Discussion: Shared global key-value storage. near/NEPs#93
Bitcoin bridge.
We discussed two topics:
-
Michael presented a proposal to switch from a model (a) in which we assign seats to participants who staked, such that each seat is backed by an equal stake, and then uniformly sample block producers and chunk producers uniformly to a different model (b) in which there's no concept of a seat, and we use weighted sample to sample block producers. We discussed the implications for the system.
-
Then Eugene presented a problem with nonces that results in transactions dropped, and we discussed possible alternatives.
Alex S presented an overview of how syncing works today. The existing syncing has several problems:
- The state machine is pretty complex;
- Blocks are downloaded one by one today due to the necessity to download chunks before the block can be applied;
- Headers are pretty large, and once the chain is sufficiently long, just storing the header can be very resource-consuming.
We discussed a new proposed approach, that leverages the changes in the protocol (in particular, the notion of finality) since the syncing code was introduced, has a significantly simple state machine, and addresses the issues above.
Continued the discussion of the congestion attack.
- Receipt and transaction congestion attack both in multi-sharded and single-sharded system. Issue: near/NEPs#67
See near/NEPs#67 for the overview of what was dicussed re: congestion attack, and further discussion.
- Upgradability;
- Non-increasing transaction nonces;
Only had time to discuss upgradability. See near/NEPs#64
- With the current shards assignment logic and implementation, a block producer with a large stake will end up assigned to all the (or most of the) shards, and will run all those shards on a single node.
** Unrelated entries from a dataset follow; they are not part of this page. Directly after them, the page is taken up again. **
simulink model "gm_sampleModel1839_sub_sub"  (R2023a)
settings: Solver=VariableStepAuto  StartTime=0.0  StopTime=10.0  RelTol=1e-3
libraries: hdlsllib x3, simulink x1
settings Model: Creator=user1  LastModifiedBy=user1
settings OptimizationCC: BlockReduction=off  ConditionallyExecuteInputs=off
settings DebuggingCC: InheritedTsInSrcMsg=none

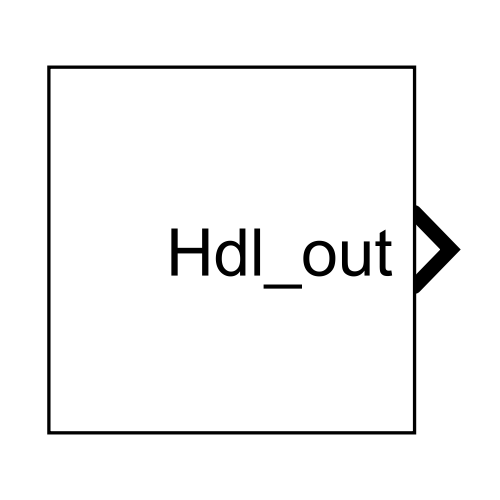
[thumbnail: Simulink's stored preview of the top-level diagram]
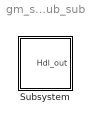
== system gm_sampleModel1839_sub_sub ==
  Subsystem : Subsystem

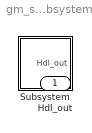
== system gm_sampleModel1839_sub_sub/Subsystem ==
  Subsystem : Subsystem
  Hdl_out : Outport  OutDataTypeStr=uint8

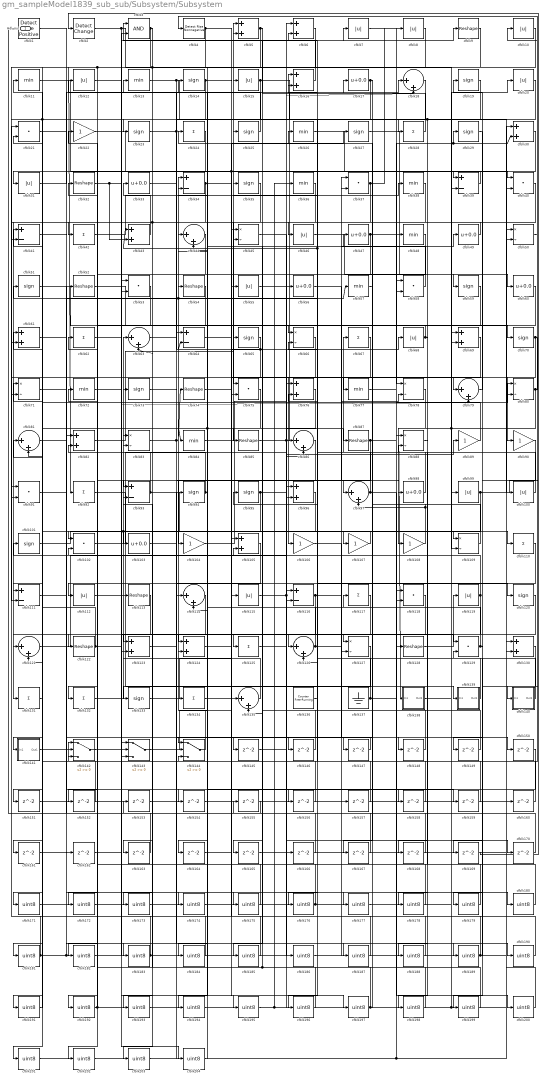
== system gm_sampleModel1839_sub_sub/Subsystem/Subsystem ==
  cfblk1 : hdlsllib/Logic and Bit Operations/Detect Rise Positive  vinit=0  OutDataTypeStr=uint8
  cfblk{7..8,10,12,15,20,31,46,55,68,99..100,112,115,119} (15 alike) : Abs  OutDataTypeStr=uint8  SaturateOnIntegerOverflow=off
  cfblk{14,19,23,25,27,29,35,51,59,65,70,73,94..95,101,120,133} (17 alike) : Signum
  cfblk{21,37,40,53,58,75,91,102,118,129} (10 alike) : DotProduct  OutDataTypeStr=uint8
  cfblk{17,33,47,49,56,60,98,103} (8 alike) : Bias  Bias=0.0  SaturateOnIntegerOverflow=off
  cfblk{22,89..90,104,106..108} (7 alike) : Gain  OutDataTypeStr=uint8
  cfblk{5..6,16,30,43,61,69,76,82,96,105,123..124,130} (14 alike) : Sum  OutDataTypeStr=uint8
  cfblk{45,50,66,71,78,80,83,88,109,127} (10 alike) : Product  Inputs=*/  OutDataTypeStr=uint8  RndMeth=Zero  SaturateOnIntegerOverflow=on
  cfblk{11,13,26,36,38,48,57,72,77,84} (10 alike) : MinMax  OutDataTypeStr=uint8
  cfblk{24,28,42,62,67,92,110,117,125,131..132,134} (12 alike) : Sum  Inputs=+  OutDataTypeStr=uint8
  cfblk{34,39,41,64,93,111,116} (7 alike) : Sum  Inputs=+-  OutDataTypeStr=uint8
  cfblk{9,32,52,54,74,85,87,113,122,128} (10 alike) : Reshape
  cfblk{18,44,63,79,81,86,97,114,121,126,135} (11 alike) : Sum  Inputs=|++  OutDataTypeStr=uint8
  cfblk136 : hdlsllib/Sources/Counter Free-Running  NumBits=16  tsamp=-1
  cfblk137 : Ground
  cfblk138 : Subsystem
      settings: LibrarySourceBlock=|
      | hdlsllib/Ports &
      | Subsystems/Subsystem
  cfblk139 : Subsystem
      settings: LibrarySourceBlock=|
      | hdlsllib/Ports &
      | Subsystems/Subsystem
  cfblk140 : Subsystem
      settings: LibrarySourceBlock=|
      | hdlsllib/Ports &
      | Subsystems/Subsystem
  cfblk141 : Subsystem
      settings: LibrarySourceBlock=|
      | hdlsllib/Ports &
      | Subsystems/Subsystem
  cfblk142 : Switch  OutDataTypeStr=uint8  SaturateOnIntegerOverflow=off  InputSameDT=off
  cfblk143 : Switch  OutDataTypeStr=uint8  SaturateOnIntegerOverflow=off  InputSameDT=off
  cfblk144 : Switch  OutDataTypeStr=uint8  SaturateOnIntegerOverflow=off  InputSameDT=off
  cfblk{145..170} (26 alike) : Delay  SampleTime=1
  cfblk{171..204} (34 alike) : DataTypeConversion  OutDataTypeStr=uint8  SaturateOnIntegerOverflow=off  RndMeth=Floor
  cfblk2 : simulink/Logic and Bit Operations/Detect Change  vinit=0  OutDataTypeStr=uint8
      settings: LibrarySourceBlock=|
      | hdlsllib/Logic and Bit
      | Operations/Detect
      | Change
  cfblk3 : Logic  AllPortsSameDT=off  OutDataTypeStr=boolean
  cfblk4 : hdlsllib/Logic and Bit Operations/Detect Rise Nonnegative  vinit=0  OutDataTypeStr=uint8
  Hdl_out : Outport  OutDataTypeStr=uint8
  wires:
  cfblk130/1 -> cfblk199/1
  cfblk128/1 -> cfblk119/1
  cfblk35/1 -> cfblk131/1
  cfblk70/1 -> cfblk140/1(In1), cfblk90/1
  cfblk126/1 -> cfblk78/2, cfblk101/1
  cfblk52/1 -> cfblk70/1
  cfblk21/1 -> cfblk183/1
  cfblk85/1 -> cfblk87/1, cfblk17/1
  cfblk68/1 -> cfblk168/1, cfblk66/1
  cfblk84/1 -> cfblk5/1
  cfblk40/1 -> cfblk75/1
  cfblk37/1 -> cfblk133/1, cfblk8/1
  cfblk22/1 -> cfblk39/1
  cfblk108/1 -> cfblk97/2, cfblk24/1
  cfblk115/1 -> cfblk170/1, cfblk18/2
  cfblk49/1 -> cfblk46/1
  cfblk50/1 -> cfblk4/1
  cfblk104/1 -> cfblk56/1
  cfblk95/1 -> cfblk89/1, cfblk103/1, cfblk111/1
  cfblk98/1 -> cfblk67/1
  cfblk144/1 -> cfblk34/1
  cfblk83/1 -> cfblk159/1, cfblk74/1
  cfblk4/1 -> cfblk180/1, cfblk173/1, cfblk42/1, cfblk92/1
  cfblk140/1(Out1) -> cfblk35/1
  cfblk16/1 -> cfblk3/1
  cfblk5/1 -> cfblk165/1, cfblk164/1
  cfblk132/1 -> cfblk63/1
  cfblk19/1 -> cfblk194/1, cfblk84/1
  cfblk87/1 -> cfblk104/1, cfblk30/2, cfblk29/1
  cfblk27/1 -> cfblk59/1
  cfblk72/1 -> cfblk195/1
  cfblk97/1 -> cfblk200/1, cfblk16/1
  cfblk92/1 -> cfblk139/1(In1)
  cfblk101/1 -> cfblk107/1
  cfblk66/1 -> cfblk85/1
  cfblk76/1 -> cfblk121/1
  cfblk73/1 -> cfblk120/1
  cfblk17/1 -> cfblk147/1, cfblk146/1
  cfblk42/1 -> cfblk38/1
  cfblk82/1 -> cfblk65/1
  cfblk135/1 -> cfblk73/1
  cfblk18/1 -> cfblk124/1
  cfblk133/1 -> cfblk55/1
  cfblk48/1 -> cfblk125/1
  cfblk109/1 -> cfblk25/1
  cfblk93/1 -> cfblk83/2, cfblk110/1
  cfblk69/1 -> cfblk111/2
  cfblk138/1(Out1) -> cfblk20/1
  cfblk65/1 -> cfblk91/2, cfblk64/2
  cfblk39/1 -> cfblk31/1
  cfblk116/1 -> cfblk143/3, cfblk49/1
  cfblk122/1 -> cfblk129/1, cfblk41/1
  cfblk36/1 -> cfblk41/2
  cfblk14/1 -> cfblk77/1, cfblk23/1
  cfblk47/1 -> cfblk152/1, cfblk80/2
  cfblk67/1 -> cfblk106/1
  cfblk43/1 -> cfblk33/1
  cfblk143/1 -> cfblk68/1
  cfblk64/1 -> cfblk126/1
  cfblk46/1 -> cfblk60/1
  cfblk59/1 -> cfblk123/1
  cfblk137/1 -> cfblk80/1, cfblk95/1
  cfblk6/1 -> cfblk144/1
  cfblk79/1 -> cfblk19/1
  cfblk119/1 -> cfblk161/1, cfblk83/1
  cfblk102/1 -> cfblk6/1
  cfblk94/1 -> cfblk44/2, cfblk32/1
  cfblk131/1 -> cfblk71/1
  cfblk99/1 -> cfblk191/1, cfblk142/1
  cfblk26/1 -> cfblk58/1
  cfblk51/1 -> cfblk116/1
  cfblk141/1(Out1) -> cfblk54/1, cfblk57/1
  cfblk80/1 -> cfblk10/1, cfblk109/2, cfblk138/1(In1)
  cfblk1/1 -> cfblk82/1
  cfblk25/1 -> cfblk13/1
  cfblk13/1 -> cfblk127/2, cfblk100/1
  cfblk3/1 -> cfblk203/1, cfblk61/2
  cfblk114/1 -> cfblk202/1
  cfblk81/1 -> cfblk189/1
  cfblk23/1 -> cfblk28/1, cfblk109/1
  cfblk139/1(Out1) -> cfblk51/1
  cfblk107/1 -> cfblk102/1
  cfblk32/1 -> cfblk43/2, cfblk127/1
  cfblk136/1 -> cfblk26/1
  cfblk38/1 -> cfblk132/1
  cfblk78/1 -> cfblk108/1
  cfblk96/1 -> cfblk135/2
  cfblk15/1 -> cfblk53/2, cfblk99/1
  cfblk11/1 -> cfblk78/1, cfblk115/1
  cfblk129/1 -> cfblk179/1, cfblk12/1
  cfblk121/1 -> cfblk96/2
  cfblk74/1 -> cfblk27/1
  cfblk134/1 -> cfblk197/1
  cfblk113/1 -> cfblk181/1
  cfblk7/1 -> cfblk40/1
  cfblk10/1 -> cfblk201/1, cfblk63/2
  cfblk86/1 -> cfblk192/1
  cfblk56/1 -> cfblk98/1
  cfblk55/1 -> cfblk7/1
  cfblk2/1 -> cfblk79/2, cfblk69/2
  cfblk117/1 -> cfblk176/1
  cfblk124/1 -> cfblk75/2
  cfblk33/1 -> cfblk97/1
  cfblk100/1 -> cfblk16/2, cfblk43/1
  cfblk31/1 -> cfblk15/1
  cfblk34/1 -> cfblk79/1, cfblk193/1, cfblk143/2
  cfblk63/1 -> cfblk18/1
  cfblk44/1 -> cfblk93/1
  cfblk20/1 -> cfblk188/1, cfblk141/1(In1), cfblk71/2
  cfblk8/1 -> cfblk122/1
  cfblk77/1 -> cfblk48/1
  cfblk58/1 -> cfblk14/1
  cfblk24/1 -> cfblk112/1
  cfblk89/1 -> cfblk61/1
  cfblk54/1 -> cfblk123/2
  cfblk28/1 -> cfblk5/2
  cfblk142/1 -> cfblk9/1
  cfblk111/1 -> cfblk52/1
  cfblk60/1 -> cfblk145/1
  cfblk145/1 -> cfblk116/2
  cfblk146/1 -> cfblk64/1
  cfblk147/1 -> cfblk144/2
  cfblk106/1 -> cfblk148/1
  cfblk148/1 -> cfblk66/2
  cfblk29/1 -> cfblk149/1
  cfblk149/1 -> cfblk102/2
  cfblk41/1 -> cfblk150/1
  cfblk75/1 -> cfblk151/1
  cfblk151/1 -> cfblk96/1
  cfblk152/1 -> cfblk121/2
  cfblk153/1 -> cfblk37/1
  cfblk12/1 -> cfblk154/1
  cfblk154/1 -> cfblk50/2
  cfblk155/1 -> cfblk1/1
  cfblk110/1 -> cfblk156/1
  cfblk156/1 -> cfblk34/2
  cfblk157/1 -> cfblk76/2
  cfblk91/1 -> cfblk158/1
  cfblk158/1 -> cfblk105/2
  cfblk159/1 -> cfblk126/2
  cfblk160/1 -> cfblk6/2
  cfblk161/1 -> cfblk3/2
  cfblk61/1 -> cfblk162/1
  cfblk162/1 -> cfblk143/1
  cfblk127/1 -> cfblk163/1
  cfblk163/1 -> cfblk142/3
  cfblk164/1 -> cfblk135/1
  cfblk165/1 -> cfblk30/1
  cfblk125/1 -> cfblk166/1
  cfblk166/1 -> cfblk82/2
  cfblk57/1 -> cfblk167/1
  cfblk167/1 -> cfblk142/2
  cfblk168/1 -> cfblk144/3
  cfblk90/1 -> cfblk169/1
  cfblk169/1 -> cfblk2/1
  cfblk170/1 -> cfblk11/1
  cfblk118/1 -> cfblk171/1
  cfblk171/1 -> cfblk94/1
  cfblk53/1 -> cfblk172/1
  cfblk172/1 -> cfblk118/1
  cfblk173/1 -> cfblk118/2
  cfblk62/1 -> cfblk174/1
  cfblk174/1 -> cfblk69/1
  cfblk103/1 -> cfblk175/1
  cfblk175/1 -> cfblk62/1
  cfblk176/1 -> cfblk58/2, cfblk44/1
  cfblk71/1 -> cfblk177/1
  cfblk177/1 -> cfblk117/1
  cfblk88/1 -> cfblk178/1
  cfblk178/1 -> cfblk153/1
  cfblk179/1 -> cfblk88/1
  cfblk180/1 -> cfblk88/2
  cfblk181/1 -> cfblk91/1, cfblk187/1, cfblk157/1
  cfblk105/1 -> cfblk182/1
  cfblk182/1 -> cfblk113/1
  cfblk183/1 -> cfblk50/1, cfblk53/1
  cfblk150/1 -> cfblk184/1
  cfblk184/1 -> cfblk21/1
  cfblk9/1 -> cfblk185/1
  cfblk185/1 -> cfblk21/2
  cfblk45/1 -> cfblk186/1
  cfblk186/1 -> cfblk37/2
  cfblk187/1 -> cfblk45/1
  cfblk188/1 -> cfblk45/2
  cfblk189/1 -> cfblk105/1, cfblk129/2
  cfblk123/1 -> cfblk190/1
  cfblk190/1 -> cfblk81/1
  cfblk191/1 -> cfblk81/2
  cfblk192/1 -> cfblk22/1, cfblk39/2, cfblk40/2
  cfblk193/1 -> cfblk86/1
  cfblk194/1 -> cfblk86/2
  cfblk195/1 -> cfblk36/1, cfblk76/1
  cfblk30/1 -> cfblk196/1
  cfblk196/1 -> cfblk72/1
  cfblk197/1 -> cfblk124/2, cfblk47/1
  cfblk120/1 -> cfblk198/1
  cfblk198/1 -> cfblk134/1
  cfblk199/1 -> cfblk93/2, cfblk155/1
  cfblk200/1 -> cfblk130/1
  cfblk201/1 -> cfblk130/2
  cfblk202/1 -> cfblk128/1, cfblk160/1
  cfblk203/1 -> cfblk114/1
  cfblk112/1 -> cfblk204/1
  cfblk204/1 -> cfblk114/2

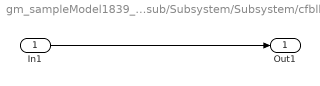
== system gm_sampleModel1839_sub_sub/Subsystem/Subsystem/cfblk138 ==
  In1 : Inport
  Out1 : Outport
  wires:
  In1/1 -> Out1/1

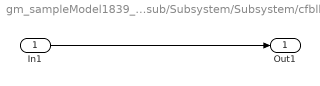
== system gm_sampleModel1839_sub_sub/Subsystem/Subsystem/cfblk139 ==
  In1 : Inport
  Out1 : Outport
  wires:
  In1/1 -> Out1/1

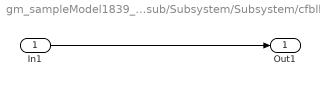
== system gm_sampleModel1839_sub_sub/Subsystem/Subsystem/cfblk140 ==
  In1 : Inport
  Out1 : Outport
  wires:
  In1/1 -> Out1/1

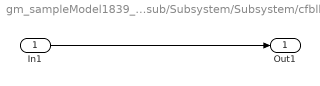
== system gm_sampleModel1839_sub_sub/Subsystem/Subsystem/cfblk141 ==
  In1 : Inport
  Out1 : Outport
  wires:
  In1/1 -> Out1/1

Assuming network or storage are the bottleneck, this will end up making the system as a whole still go with the speed of a single instance.
Figure out how to fix it. Possible ideas:
- Change the shards assignment so that each node has a single shard assigned to them;
- Introduce a way to launch multiple nodes for a single validator key such that each gets assigned a subset of the shards.
- Chunk producers within a particular epoch take turns in each block. It is likely that scheduling each to produce more than one chunk before rotating has some advantages (e.g. fewer chunks will be skipped).
- Chunk inclusion in the blocks today assumes a synchronous network. Can we redesign it in such a way that the synchronous network assumption is lifted?
- For (1):
- Discussed the idea of assigning shards to block producers, not to seats (or, equivalently, assign a particular shard not to a random subset of seats, but to all the seats that belong to a particular block producer).
- Two concerns voiced by Bowen and Marcelo: a) some shards now have way more stake securing them, and b) if only one block producer ends up assigned to each shard (or if fewer block producers are assigned to the shard), that shard is way more likely to stall.
- For (a), for as long as we only slash one seat-worth of stake for an invalid state transition, the fact that more stake is assigned to a particular shard is not as important, though as Marcelo pointed out adaptive corruption of some shards is now cheaper.
- For (b), the assignment can be adjusted in such a way that the number of block producers in each shard is the same as with random assignment.
- For (2):
- Discussed the idea of having each block producer producing multiple chunks (say 10) before rotating, but rotating immediately if they skip a beat;
- One issue is that we now can’t know the particular block producer for a slot in the future, which makes it harder to validate a partial encoded chunk if it arrives early. One idea is to accept optimistically chunks from all block producers assigned to a shard, up to one per BP per height (as opposed to just one per height today);
- Michael pointed out that if the problem is chunks distributing fast enough, making them distributed faster could be a better solution (e.g. by reducing how much we are sending, for example sending tx hashes instead of transactions, and relying on the gossip network to have the transactions distributed in parallel);
- For (3):
- Discussed the idea of making the blocks delayed by some function F(\delta H) where \delta H is the difference between the current height and the last height in which a chunk in a particular shard was included. If F is increasing, then a stalled shard can make the entire system slow down significantly. Instead the idea is to introduce some constant C, such that if \delta H is less than C, F is increasing, but if \delta H > C, F(\delta H) = 0. This way for some time we wait longer and longer for a chunk, but at some point give up completely to ever receive it. Illia suggested that in this case we should prepare the next set of block producers. An idea to immediately switch to the chunk producers in the next epoch (who by now likely have the state ready) to operate the shard was discussed.